2. Pursuant to the Merger Agreement, this option, which was granted on April 18, 2001 and vested on the first anniversary of the grant date, was cancelled in exchange for a cash payment of $5,625, which represents the excess of $60.00 per share over the exercise price per share of this option.
3. Pursuant to the Merger Agreement, this option, which was granted on January 16, 2002 and vested on the first anniversary of the grant date, was cancelled in exchange for a cash payment of $6,050, which represents the excess of $60.00 per share over the exercise price per share of this option.
4. Pursuant to the Merger Agreement, this option, which was granted on January 15, 2003 and vested on the first anniversary of the grant date, was cancelled in exchange for a cash payment of $19,150, which represents the excess of $60.00 per share over the exercise price per share of this option.

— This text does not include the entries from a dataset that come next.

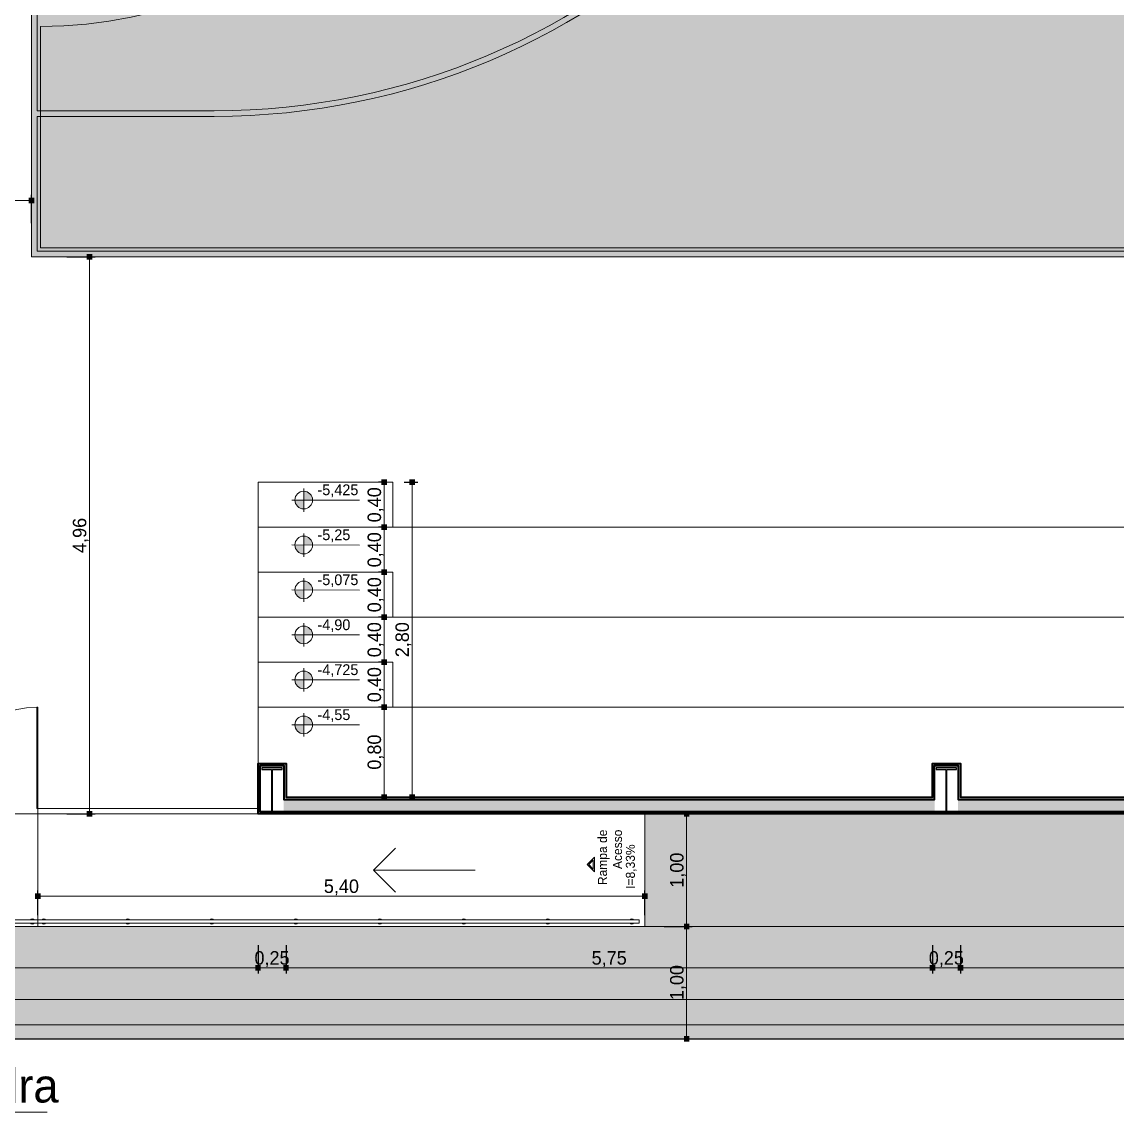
# Model space of a CAD drawing. Header units: millimetres. Extents: x 3006 to 6000, y 1661 to 3774.
# Drawn here: x 3721.9 to 3731.64, y 1857.41 to 1867.1 of the extents above; entities that cross this region are included whole.
import ezdxf

# ---------------------------------------------------------------- set-up
doc = ezdxf.new("R2010")
doc.units = ezdxf.units.MM
doc.header["$LTSCALE"] = 10
doc.linetypes.add('OCULTA', pattern=[0.375, 0.25, -0.125])
for name, color, linetype, lineweight in [('.10', 200, 'Continuous', 9), ('.10 ultra fina', 240, 'Continuous', 5), ('.15', 150, 'Continuous', 15), ('.20', 130, 'Continuous', 20), ('.25', 70, 'Continuous', 25), ('.40', 20, 'Continuous', 40), ('.40 Interno parede', 27, 'Continuous', 40), ('COTAS', 230, 'Continuous', 15), ('MARCAÇÕES', 230, 'Continuous', 15)]:
    doc.layers.add(name, color=color, linetype=linetype, lineweight=lineweight)
doc.layers.add('.20 hachura', color=185, linetype='Continuous')
doc.layers.add('Escrita', color=34, linetype='Continuous')
doc.layers.add('Verde', color=7, linetype='Continuous', true_color=0x136734)
doc.styles.add('Texto Wilian', font='himalaya.ttf')
doc.dimstyles.new('Cota 1-75 Exter WMJ', dxfattribs={"dimtxt": 0.12, "dimasz": 0.05, "dimexe": 0.05, "dimexo": 0.1, "dimgap": 0.002, "dimtad": 1, "dimzin": 1, "dimtxsty": 'Texto Wilian', "dimblk": 'BOXFILLED', "dimcen": 2.5, "dimclrd": 230, "dimclre": 230, "dimclrt": 104, "dimazin": 0, "dimtfac": 1, "dimtix": 1, "dimtmove": 0, "dimatfit": 3, "dimfxl": 0.3, "dimfxlon": 1, "dimlwd": 20, "dimarcsym": 1})

# ---------------------------------------------------------------- blocks, each defined once
blk = doc.blocks.new('_BoxFilled')
at = {"color": 0, "linetype": 'ByBlock', "lineweight": -2}
blk.add_line((-0.5, 0), (-1, 0), dxfattribs=at)
at = {"color": 0, "linetype": 'ByBlock'}
blk.add_solid([(-0.5, 0.5), (0.5, 0.5), (-0.5, -0.5), (0.5, -0.5)], dxfattribs=at)
blk = doc.blocks.new('*D301')
at = {"layer": 'COTAS', "color": 230, "lineweight": -2, "transparency": 16777216}
for p, q in [((3717.9963, 1858.4835), (3717.9963, 1858.1335)), ((3773.2383, 1858.4835), (3773.2383, 1858.1335))]:
    blk.add_line(p, q, dxfattribs=at)
at = {"layer": 'COTAS', "color": 230, "linetype": 'Continuous', "lineweight": 20, "transparency": 16777216}
blk.add_line((3773.1883, 1858.1835), (3718.0463, 1858.1835), dxfattribs=at)
at = {"layer": 'Defpoints', "color": 0, "transparency": 16777216}
for p in [(3773.2383, 1868.8129), (3717.9963, 1859.6079), (3717.9963, 1858.1835)]:
    blk.add_point(p, dxfattribs=at)
at = {"layer": 'COTAS', "color": 230, "lineweight": 20, "transparency": 16777216, "xscale": 0.05, "yscale": 0.05, "zscale": 0.05, "rotation": 180}
blk.add_blockref('_BoxFilled', (3717.9963, 1858.1835), dxfattribs=at)
at = {"layer": 'COTAS', "color": 230, "lineweight": 20, "transparency": 16777216, "xscale": 0.05, "yscale": 0.05, "zscale": 0.05}
blk.add_blockref('_BoxFilled', (3773.2383, 1858.1835), dxfattribs=at)
at = {"layer": 'COTAS', "color": 104, "transparency": 16777216, "insert": (3745.6173, 1858.2602), "char_height": 0.12, "attachment_point": 5, "style": 'Texto Wilian'}
blk.add_mtext('55,24', dxfattribs=at)
blk = doc.blocks.new('ststrsrtsrt')
at = {"layer": '.10 ultra fina', "color": 240, "lineweight": 5}
for p, q in [((3719.3464, 1914.3323), (3719.3464, 1899.2323)), ((3719.3964, 1900.5323), (3719.3964, 1903.7823)), ((3719.4264, 1901.2823), (3719.4264, 1899.3123)), ((3719.3964, 1900.5323), (3720.9714, 1900.5323)), ((3719.3964, 1899.2823), (3719.3964, 1900.4823)), ((3719.3964, 1900.4823), (3720.9714, 1900.4823)), ((3733.3714, 1899.2823), (3719.3964, 1899.2823)), ((3719.4264, 1899.3123), (3733.3564, 1899.3123)), ((3719.3464, 1899.2323), (3747.4464, 1899.2323)), ((3733.3714, 1899.2323), (3719.3464, 1899.2323))]:
    blk.add_line(p, q, dxfattribs=at)
at = {"layer": '.10 ultra fina', "color": 240, "linetype": 'OCULTA', "lineweight": 5}
blk.add_line((3719.3464, 1899.2323), (3719.3464, 1914.3323), dxfattribs=at)
at = {"layer": '.10 ultra fina', "color": 240, "lineweight": 5}
for centre, radius, end in [((3720.9714, 1906.7823), 6.3, 90), ((3720.9714, 1906.7823), 6.25, 90), ((3719.4264, 1905.2823), 4, 0)]:
    blk.add_arc(centre, radius, 270, end, dxfattribs=at)
blk = doc.blocks.new('srerrrrr')
at = {"layer": '.25', "lineweight": 25, "true_color": 0xa1a687}
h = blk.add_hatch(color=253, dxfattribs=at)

5. Pursuant to the Merger Agreement, this option, which was granted on January 21, 2004 and vested on the first anniversary of the grant date, was cancelled in exchange for a cash payment of $9,188, which represents the excess of $60.00 per share over the exercise price per share of this option.
6. Pursuant to the Merger Agreement, these stock equivalent units were converted into the right to receive $60.00 cash per stock equivalent unit on March 1, 2008.
7. This number of units represents 16,736 shares of Company common stock, which were disposed of pursuant to the Merger Agreement in exchange for $60.00 cash per share.
/s/ Mia Israeli, Attorney-in-Fact 12/17/2007
** Signature of Reporting Person Date
Reminder: Report on a separate line for each class of securities beneficially owned directly or indirectly.
* If the form is filed by more than one reporting person, see Instruction 4 (b)(v).
** Intentional misstatements or omissions of facts constitute Federal Criminal Violations See 18 U.S.C. 1001 and 15 U.S.C. 78ff(a).